- [Work instructions] Within the records below, filter for lines carrying the word "after" and copy them.

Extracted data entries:
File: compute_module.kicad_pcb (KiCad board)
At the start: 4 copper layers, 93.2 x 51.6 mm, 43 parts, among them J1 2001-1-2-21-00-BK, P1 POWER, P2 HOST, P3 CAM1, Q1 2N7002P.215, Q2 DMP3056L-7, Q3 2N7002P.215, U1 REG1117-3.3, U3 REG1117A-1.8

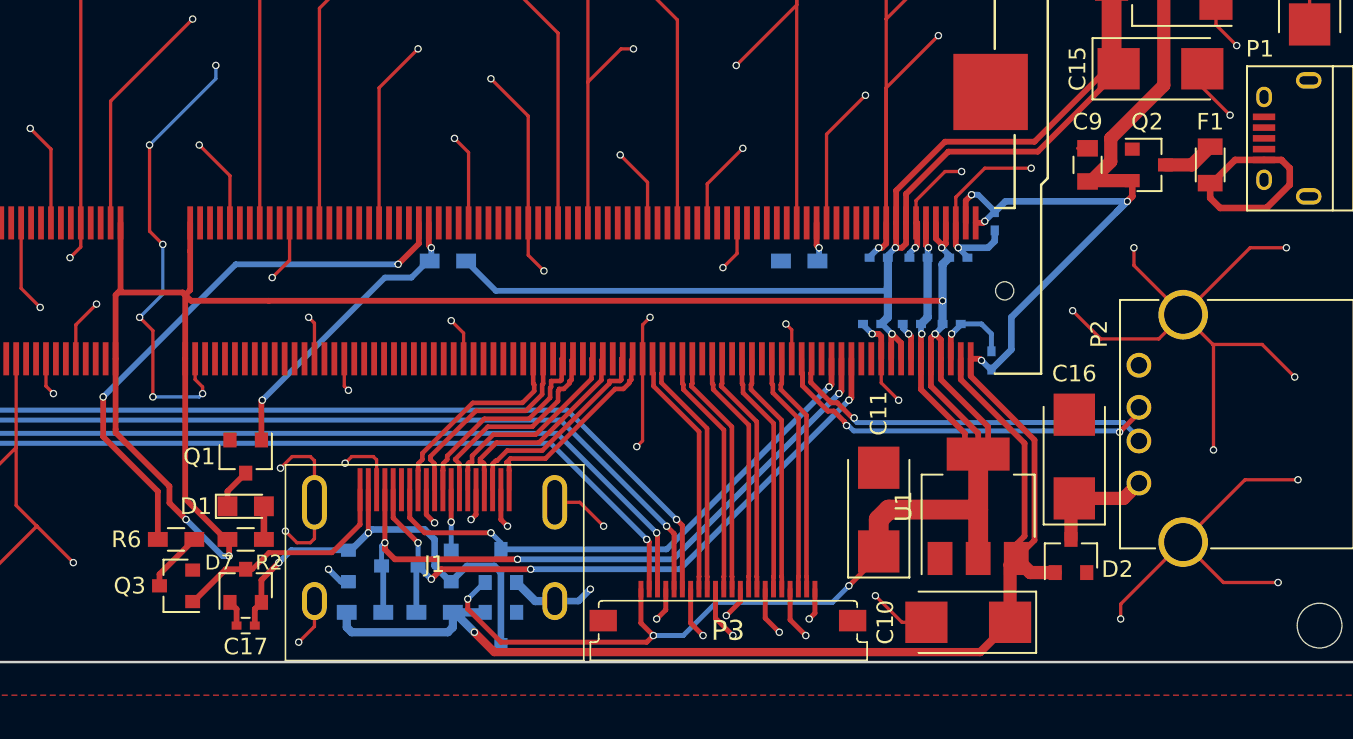
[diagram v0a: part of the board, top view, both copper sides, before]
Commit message: Added decoupling caps for gpio power pins
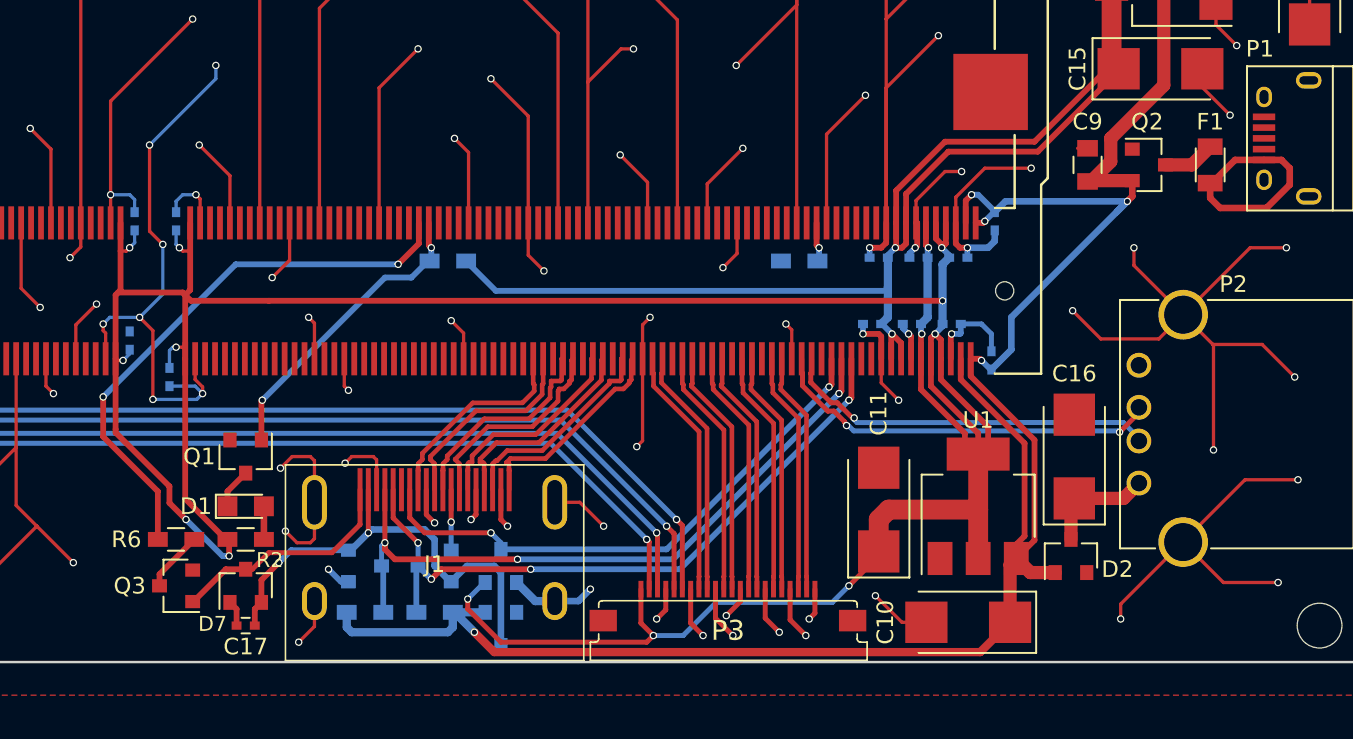
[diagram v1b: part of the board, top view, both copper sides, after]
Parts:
- added C12: 100nF, Capacitors_SMD:C_0402, B.Cu at (107.1, 79.8)
- added C13: 100nF, Capacitors_SMD:C_0402, B.Cu at (109.6, 79.8)
- added C18: 100nF, Capacitors_SMD:C_0402, B.Cu at (106.8, 87.0)
- added C19: 100nF, Capacitors_SMD:C_0402, B.Cu at (109.2, 89.2)
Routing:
- net GND: track 559.4 -> 573.4 mm, vias 86 -> 89
- net +3V3: track 184.4 -> 192.0 mm, vias 10 -> 14

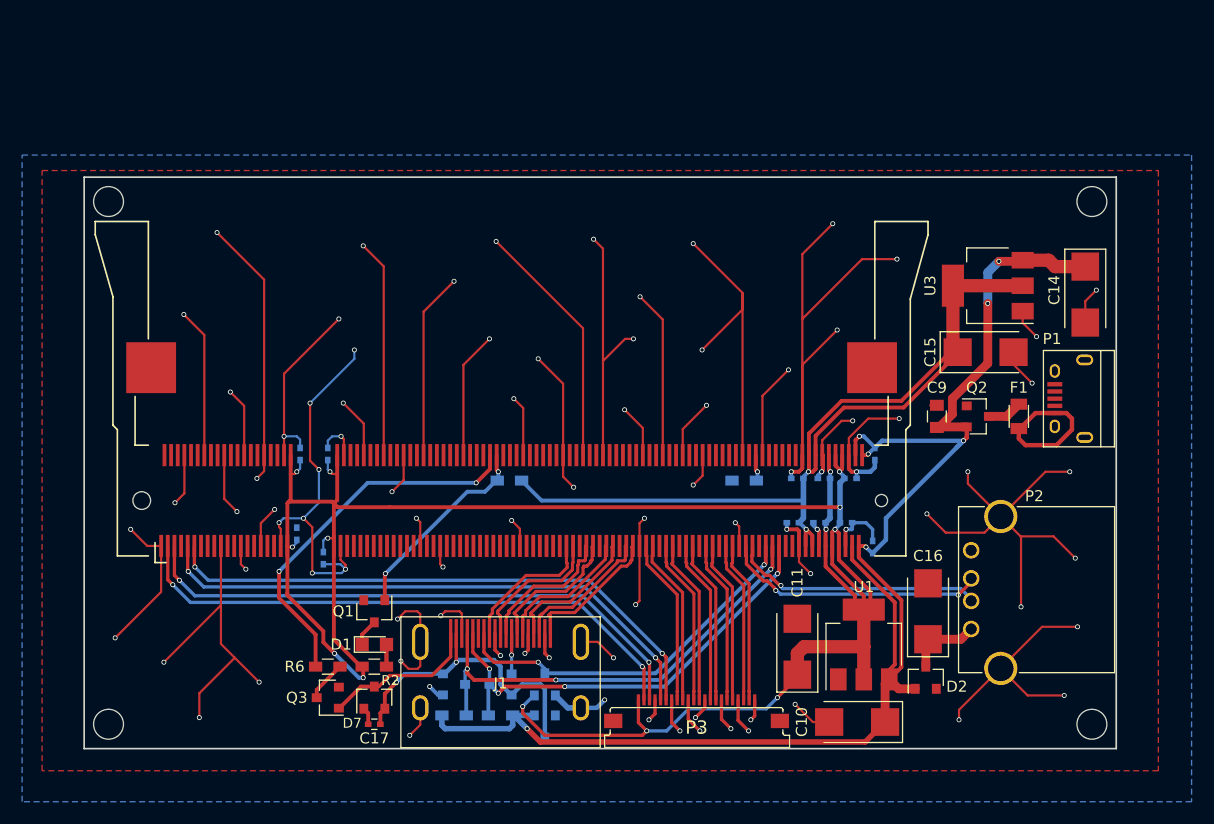
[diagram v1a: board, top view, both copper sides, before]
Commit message: Added pull-ups for gpio28, 29, 44 and 45
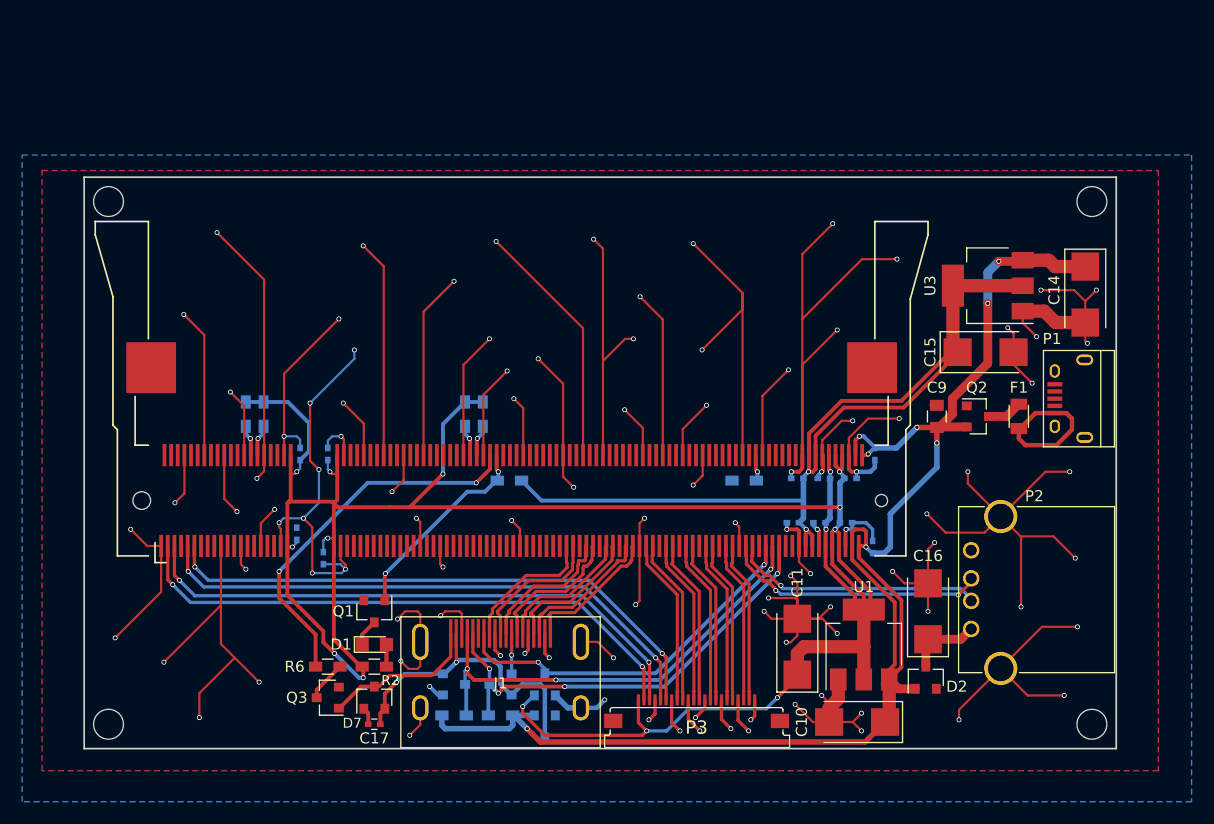
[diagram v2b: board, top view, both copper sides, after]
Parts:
- added R10: 10K, Resistors_SMD:R_0603_HandSoldering, B.Cu at (102.2, 76.2)
- added R7: 10K, Resistors_SMD:R_0603_HandSoldering, B.Cu at (123.6, 76.2)
- added R8: 10K, Resistors_SMD:R_0603_HandSoldering, B.Cu at (122.0, 76.2)
- added R9: 10K, Resistors_SMD:R_0603_HandSoldering, B.Cu at (103.8, 76.2)
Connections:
- MD1 pad 28: Net-(MD1-Pad28) -> GPIO28
- MD1 pad 30: Net-(MD1-Pad30) -> GPIO29
- MD1 pad 82: Net-(MD1-Pad82) -> GPIO44
- MD1 pad 84: Net-(MD1-Pad84) -> GPIO45
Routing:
- net GND: track 573.4 -> 644.6 mm, vias 89 -> 105
- net +3V3: track 192.0 -> 215.4 mm, vias 14 -> 15
- net GPIO45: track 0.00 -> 2.83 mm, vias 0 -> 1
- net GPIO29: track 0.00 -> 2.83 mm, vias 0 -> 1
- net GPIO44: track 0.00 -> 2.79 mm, vias 0 -> 1
- net GPIO28: track 0.00 -> 2.79 mm, vias 0 -> 1
- net +5V: track 139.7 -> 141.0 mm, vias 7 -> 8

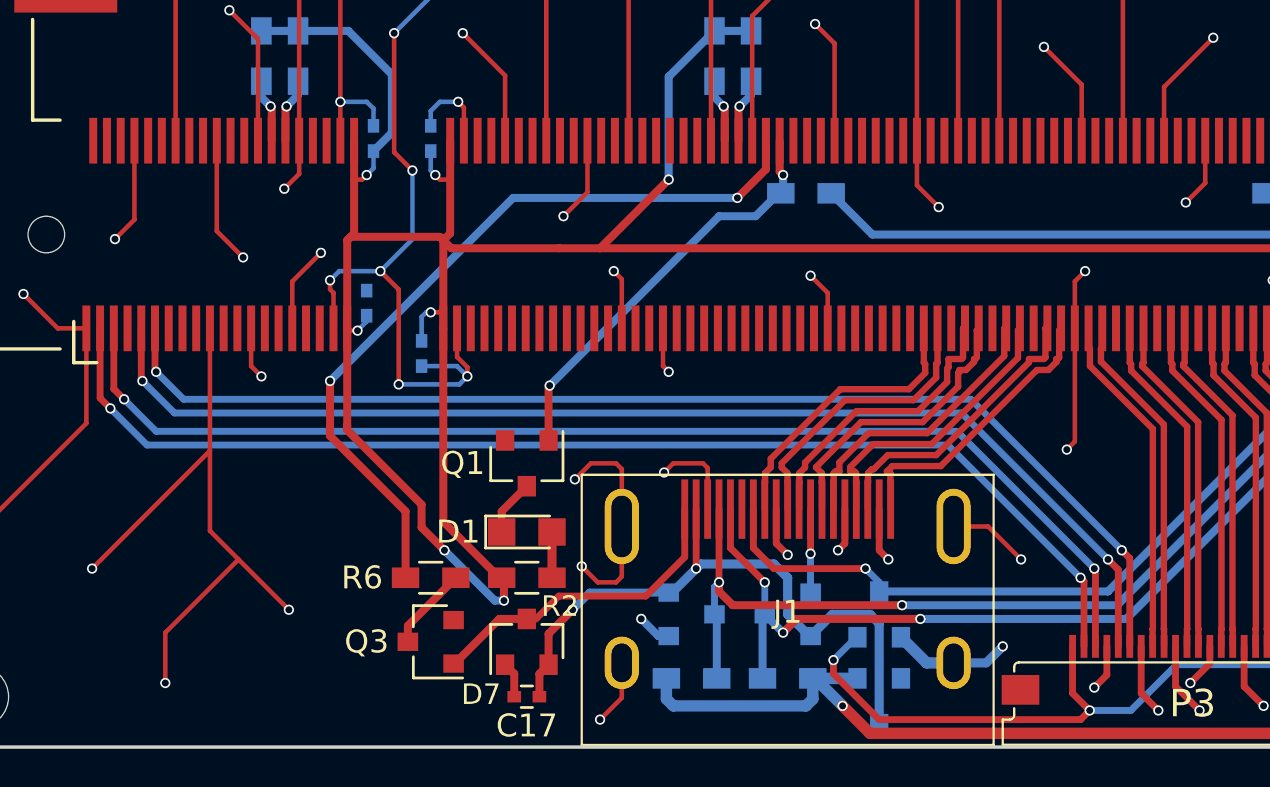
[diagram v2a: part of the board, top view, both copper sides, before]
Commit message: Moved CAM1_IO0 and CAM1_IO1 to gpio 31 and 30
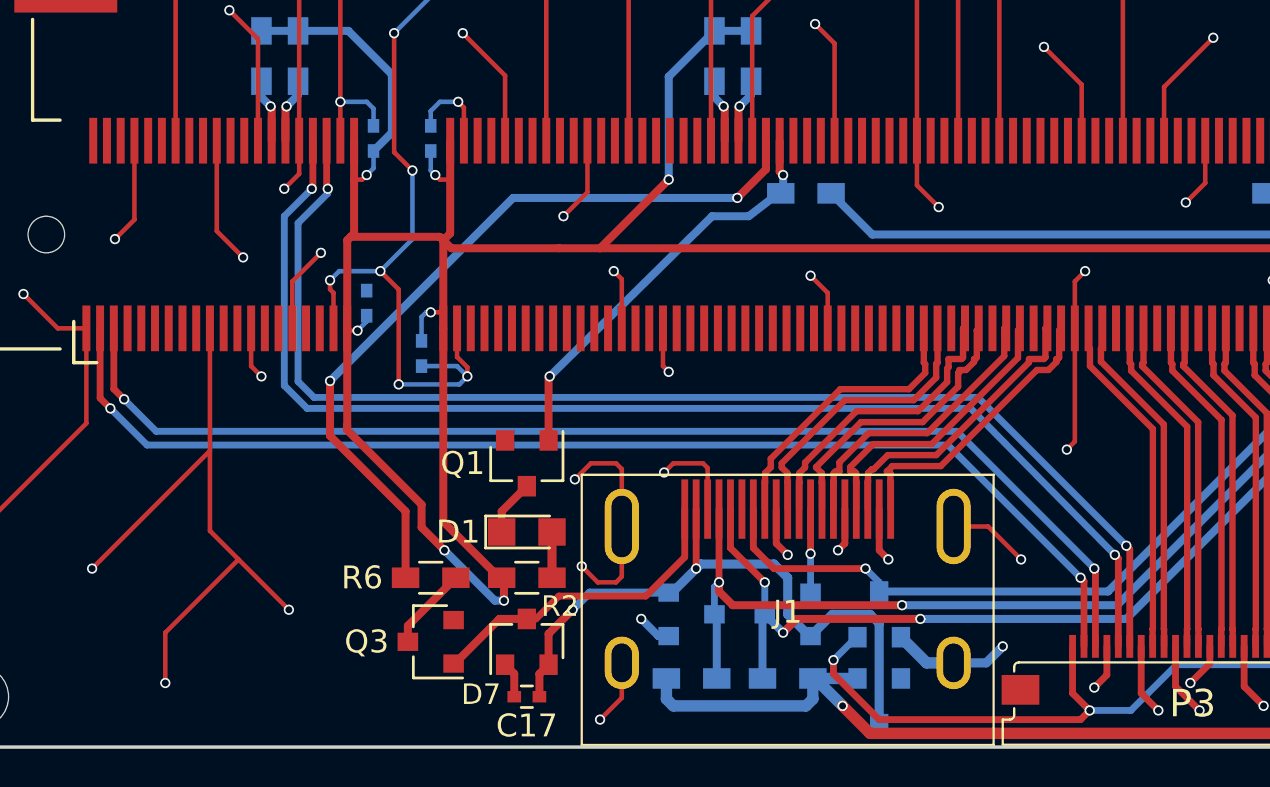
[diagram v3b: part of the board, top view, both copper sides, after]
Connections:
- MD1 pad 11: CAM1_IO0 -> Net-(MD1-Pad11)
- MD1 pad 34: Net-(MD1-Pad34) -> CAM1_IO1
- MD1 pad 36: Net-(MD1-Pad36) -> CAM1_IO0
- MD1 pad 9: CAM1_IO1 -> Net-(MD1-Pad9)
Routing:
- net CAM1_IO0: track 51.7 -> 54.7 mm
- net CAM1_IO1: track 51.7 -> 54.7 mm

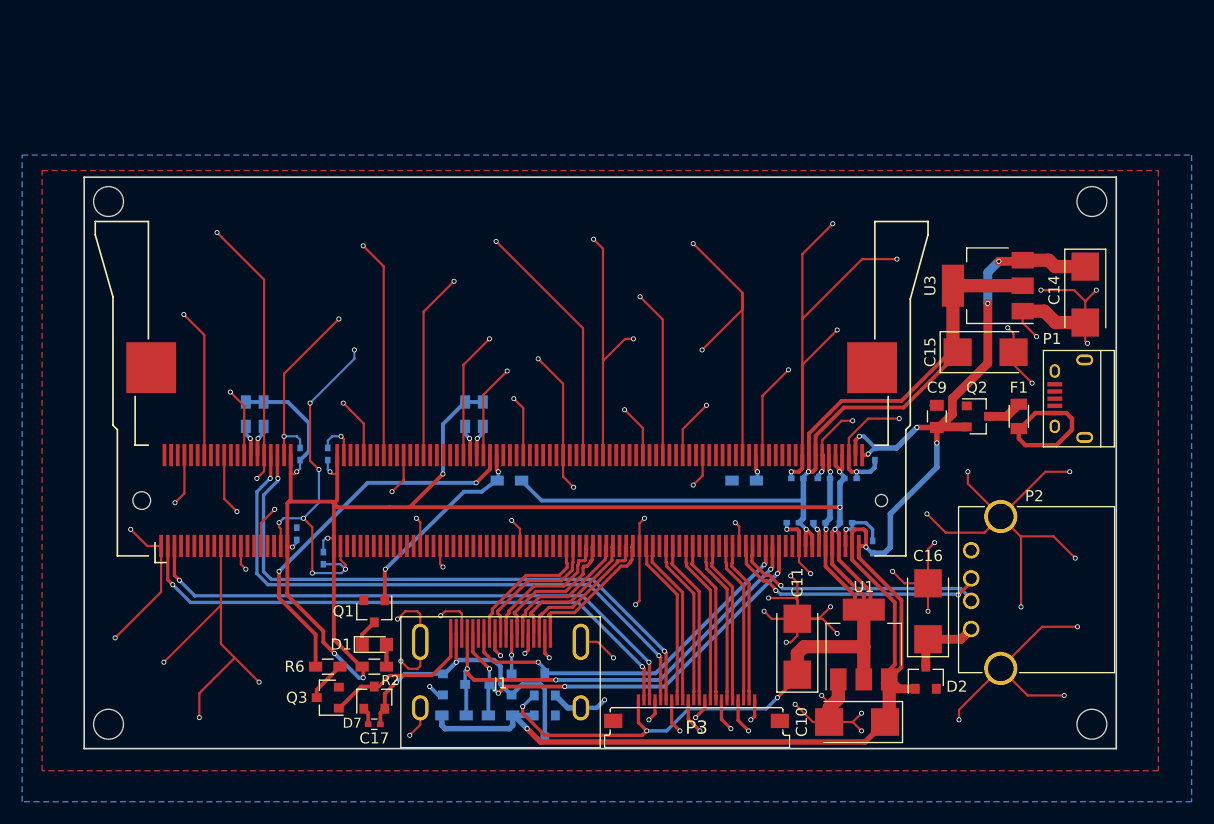
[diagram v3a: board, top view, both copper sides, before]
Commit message: Partially routed gpio header
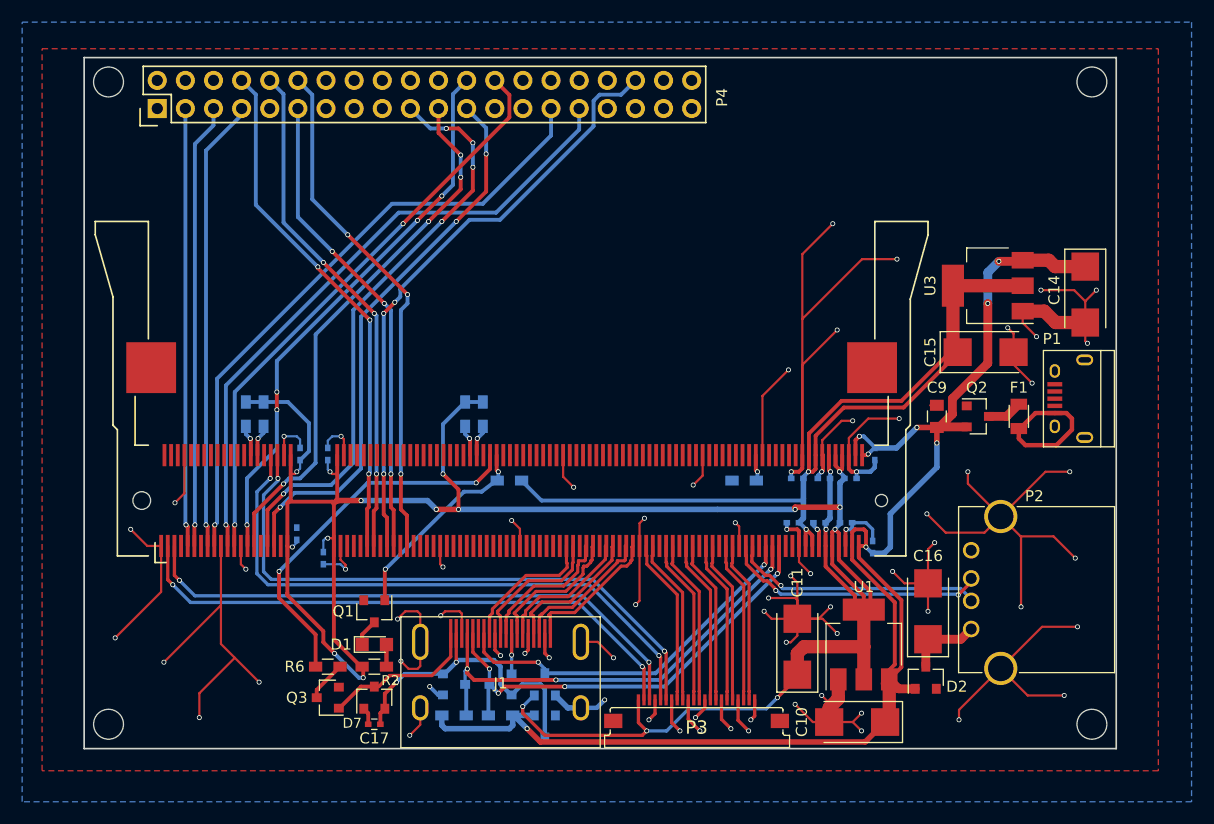
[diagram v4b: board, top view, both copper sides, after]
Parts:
- added P4: CONN_02X20, Pin_Headers:Pin_Header_Straight_2x20, F.Cu at (94.2, 48.6)
- moved REF** 10.8 mm to (178.6, 46.2)
- moved REF** 10.8 mm to (89.8, 46.2)
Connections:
- MD1 pad 11: Net-(MD1-Pad11) -> GPIO3
- MD1 pad 15: Net-(MD1-Pad15) -> GPIO4
- MD1 pad 17: Net-(MD1-Pad17) -> GPIO5
- MD1 pad 21: Net-(MD1-Pad21) -> GPIO6
- MD1 pad 23: Net-(MD1-Pad23) -> GPIO7
- MD1 pad 27: Net-(MD1-Pad27) -> GPIO8
- MD1 pad 29: Net-(MD1-Pad29) -> GPIO9
- MD1 pad 33: Net-(MD1-Pad33) -> GPIO10
- MD1 pad 35: Net-(MD1-Pad35) -> GPIO11
- MD1 pad 45: Net-(MD1-Pad45) -> GPIO12
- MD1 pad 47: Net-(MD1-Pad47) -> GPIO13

- [Worked solution]
[diagram v1b: part of the board, top view, both copper sides, after]
[diagram v2b: board, top view, both copper sides, after]
[diagram v3b: part of the board, top view, both copper sides, after]
[diagram v4b: board, top view, both copper sides, after]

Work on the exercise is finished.